Living with Bipolar Disorder means conducting a life that just doesn’t make sense. Unfortunately, it’s our life and we have to live it.

So, I woke up this morning feeling okay. Well, I had a cold and a lot of work that needed to be done around the house, but I felt pretty good. I took the kids to school, made coffee and sat down to eat breakfast. I accidentally knocked my coffee into the floor wasting that deep rich goodness. Living with bipolar disorder meant having a unique outlook on spilled coffee, as you will see.
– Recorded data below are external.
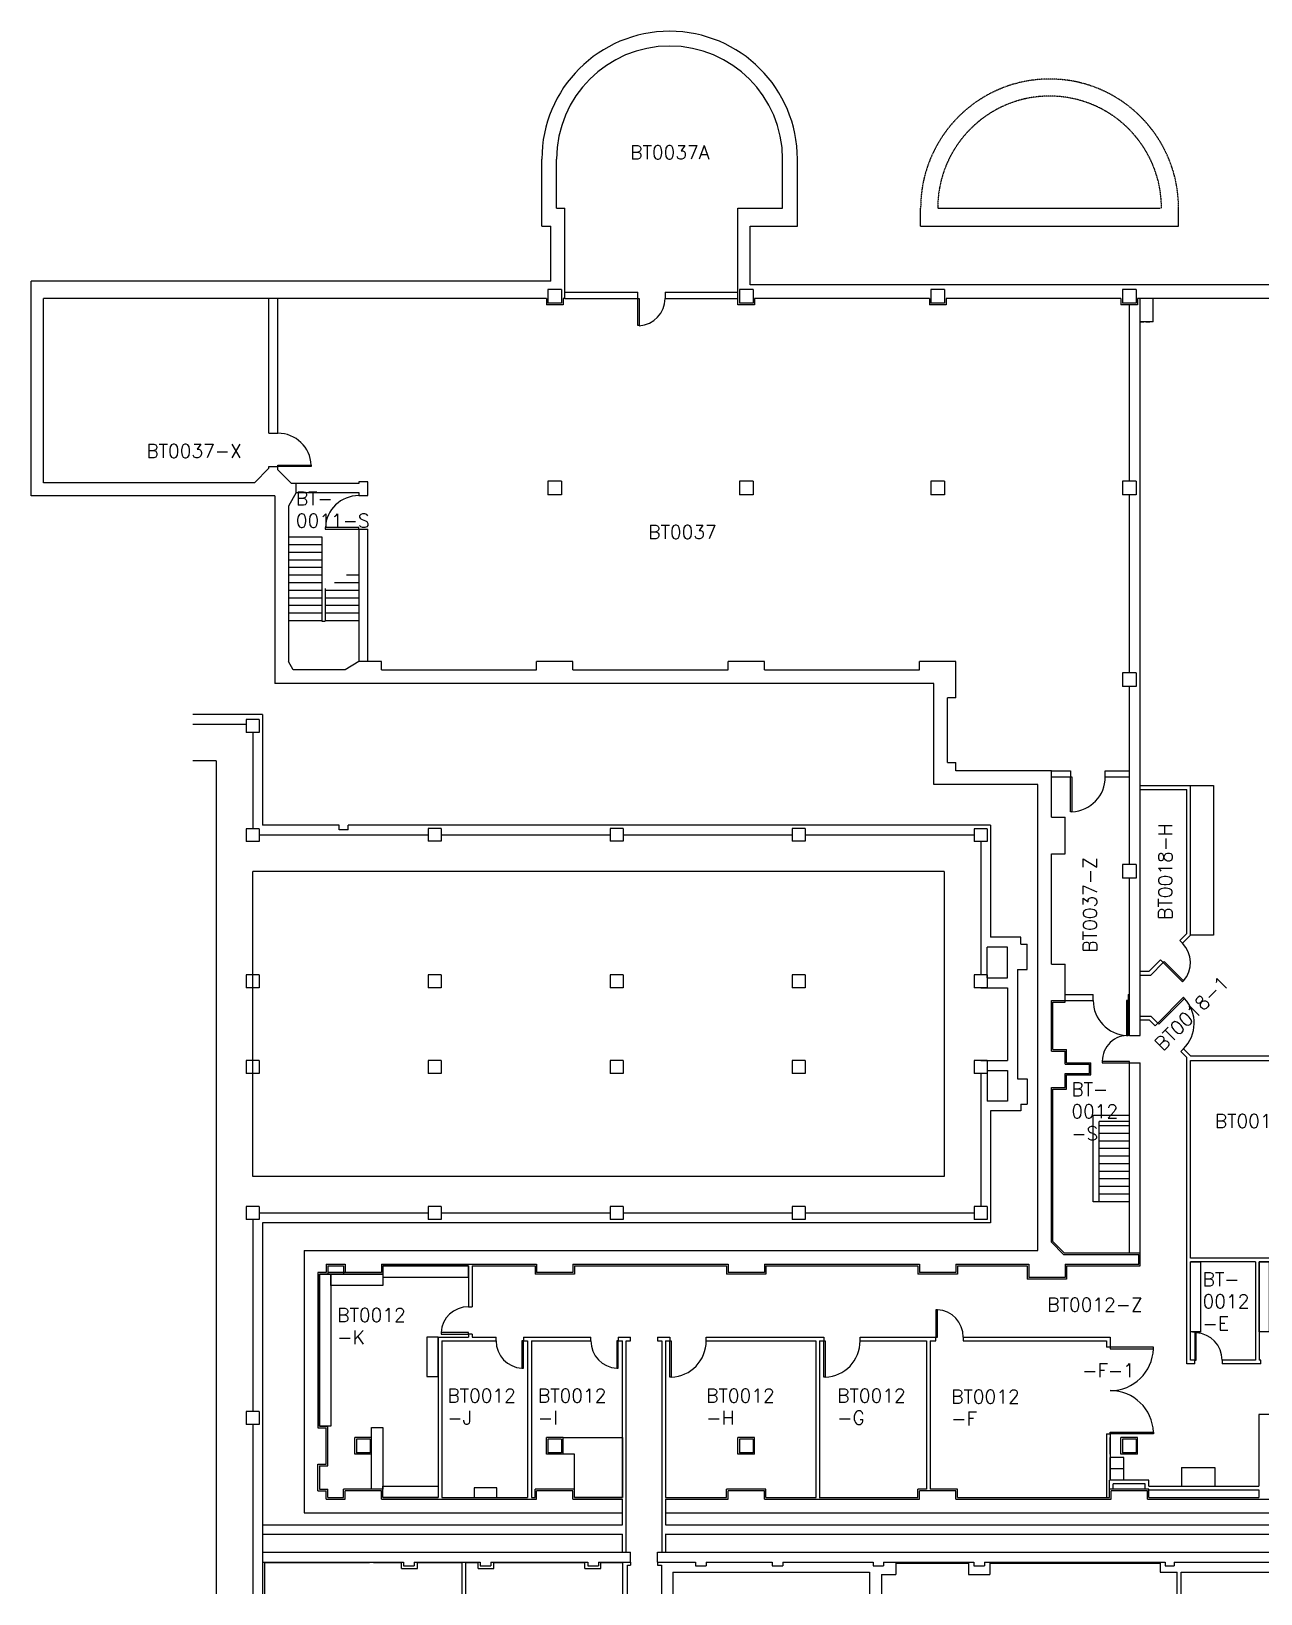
# Model space of a CAD drawing. Extents: x 2736 to 7299, y 18111 to 20264.
# Drawn here: x 2736 to 4357, y 18111 to 20171 of the extents above; entities that cross this region are included whole.
import ezdxf
from ezdxf.enums import TextEntityAlignment as Align

# ---------------------------------------------------------------- set-up
doc = ezdxf.new("R2010")
doc.units = 0
doc.header["$MEASUREMENT"] = 0
doc.linetypes.add('HIDDEN', pattern=[0.375, 0.25, -0.125])
doc.layers.get('0').update_dxf_attribs({"linetype": 'CONTINUOUS'})
for name, color, linetype in [('ARDOOR', 7, 'CONTINUOUS'), ('ARDOORNO', 4, 'CONTINUOUS'), ('ARROOMNO', 4, 'CONTINUOUS'), ('ARWALL', 7, 'CONTINUOUS'), ('COL', 14, 'CONTINUOUS'), ('EXWALL', 8, 'CONTINUOUS'), ('MILL', 1, 'CONTINUOUS')]:
    doc.layers.add(name, color=color, linetype=linetype)
doc.styles.add('ROMANS', font='romans.shx', dxfattribs={"height": 18})

# ---------------------------------------------------------------- blocks, each defined once
blk = doc.blocks.new('COL2')
for p, q in [((-0.5, -0.5), (-0.5, 0.5)), ((-0.5, 0.5), (0.5, 0.5)), ((0.5, -0.5), (0.5, 0.5)), ((-0.5, -0.5), (0.5, -0.5))]:
    blk.add_line(p, q)
blk = doc.blocks.new('A$C6FAB3CF1')
at = {"layer": 'ARDOOR', "linetype": 'CONTINUOUS'}
for p, q in [((0, 0), (0, 2)), ((0, 2), (44, 2)), ((44, 2), (44, 0)), ((44, 0), (0, 0))]:
    blk.add_line(p, q, dxfattribs=at)
blk.add_arc((0, 0), 44, 2.6052, 90.0592, dxfattribs=at)
blk = doc.blocks.new('A$C28BE432A')
at = {"layer": 'ARDOOR', "linetype": 'CONTINUOUS'}
for p, q in [((0, 2), (0, 0)), ((44, 2), (0, 2)), ((0, 0), (44, 0)), ((44, 0), (44, 2))]:
    blk.add_line(p, q, dxfattribs=at)
blk.add_arc((44, 0), 44, 89.9408, 177.3948, dxfattribs=at)
blk = doc.blocks.new('A$C71A95896')
at = {"layer": 'ARDOOR'}
for p, q in [((0, 36), (2, 36)), ((0, 0), (0, 36)), ((2, 36), (2, 0)), ((2, 0), (0, 0))]:
    blk.add_line(p, q, dxfattribs=at)
blk.add_arc((0, 35.9), 36, 273.1847, 0.0885, dxfattribs=at)
blk = doc.blocks.new('A$C2AF77418')
at = {"layer": 'ARDOOR', "linetype": 'CONTINUOUS'}
for p, q in [((0, 0), (0, 46)), ((0, 46), (2, 46)), ((2, 46), (2, 0)), ((2, 0), (0, 0))]:
    blk.add_line(p, q, dxfattribs=at)
blk.add_arc((0, 46), 46, 272.4919, 0.0542, dxfattribs=at)
blk = doc.blocks.new('A$C175C0D8C')
at = {"layer": 'ARDOOR', "linetype": 'CONTINUOUS'}
for p, q in [((46, 46), (44, 46)), ((44, 46), (44, 0)), ((46, 0), (46, 46)), ((44, 0), (46, 0))]:
    blk.add_line(p, q, dxfattribs=at)
blk.add_arc((46, 46), 46, 179.9458, 267.5081, dxfattribs=at)
blk = doc.blocks.new('A$C4CED1418')
at = {"layer": 'ARDOOR'}
for p, q in [((0, 2), (0, 0)), ((36, 2), (0, 2)), ((0, 0), (36, 0)), ((36, 0), (36, 2))]:
    blk.add_line(p, q, dxfattribs=at)
blk.add_arc((33.5, 2.6), 33.5, 85.7645, 180.9623, dxfattribs=at)
blk = doc.blocks.new('A$C09161909')
at = {"layer": 'ARDOOR'}
for p, q in [((0, 25.5), (1.4, 26.9)), ((25.5, 0), (0, 25.5)), ((1.4, 26.9), (26.9, 1.4)), ((26.9, 1.4), (25.5, 0))]:
    blk.add_line(p, q, dxfattribs=at)
blk.add_arc((0, 25.4), 36, 318.1847, 45.0885, dxfattribs=at)
blk = doc.blocks.new('A$C13252884')
at = {"layer": 'ARDOOR'}
for p, q in [((33.9, 67.9), (0, 33.9)), ((1.4, 32.5), (35.4, 66.5)), ((35.4, 66.5), (33.9, 67.9)), ((0, 33.9), (1.4, 32.5))]:
    blk.add_line(p, q, dxfattribs=at)
blk.add_arc((0, 34), 48, 314.9502, 42.612, dxfattribs=at)
blk = doc.blocks.new('A$C47441A18')
at = {"layer": 'ARDOOR'}
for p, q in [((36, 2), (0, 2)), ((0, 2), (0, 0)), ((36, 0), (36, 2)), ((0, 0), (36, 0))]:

Yeah, seems like nothing, I know. But to me, knocking that cup of coffee onto the floor didn’t just mean “Oops, I spilled my drink”, it really meant,

“Now, I had to clean up the coffee and then my food would get cold. When I warm my food again, it would mean I had to also make another cup of coffee. Who needs coffee anyway, right, so I can bypass the coffee and maybe pour a soda. But what if the ice isn’t frozen, then the whole idea of soda is bust. Back to coffee… I do want coffee, right? Maybe I should have orange juice instead. That’s better for my health and after all, I do have a cold. I need water, I just remembered how dehydrated I was yesterday.”

I was manic, to begin with, striving to get loads of work completed. By the time I spilled my coffee, I was at the end spectrum, diving into irritability and down the regret shoot to depression. Don’t understand? Keep reading.

What happened here?

I will tell you what happened, living with Bipolar Disorder means Mania. This is the mind of Bipolar Disorder, plain and simple. There is no set of rules, there is no clean cut details and indicators. Bipolar Disorder is like a soup of all mental illnesses.

The mind of bipolar is full, confused and guilt-ridden, not to mention alert when not trying to shut down. Maybe this post will help you understand the disorder, and then maybe it will make you want to run in the other direction. One thing is for certain, it will tell the truth. Sometimes, the truth is ugly.

Living with Bipolar Disorder means OCD

I tried to leave, I did. I had only about 15 minutes to make it to my destination and I was running late. But…I had to make sure the stove was off, so I ran back inside the house and checked. It was off and so I turned around heading down the back steps.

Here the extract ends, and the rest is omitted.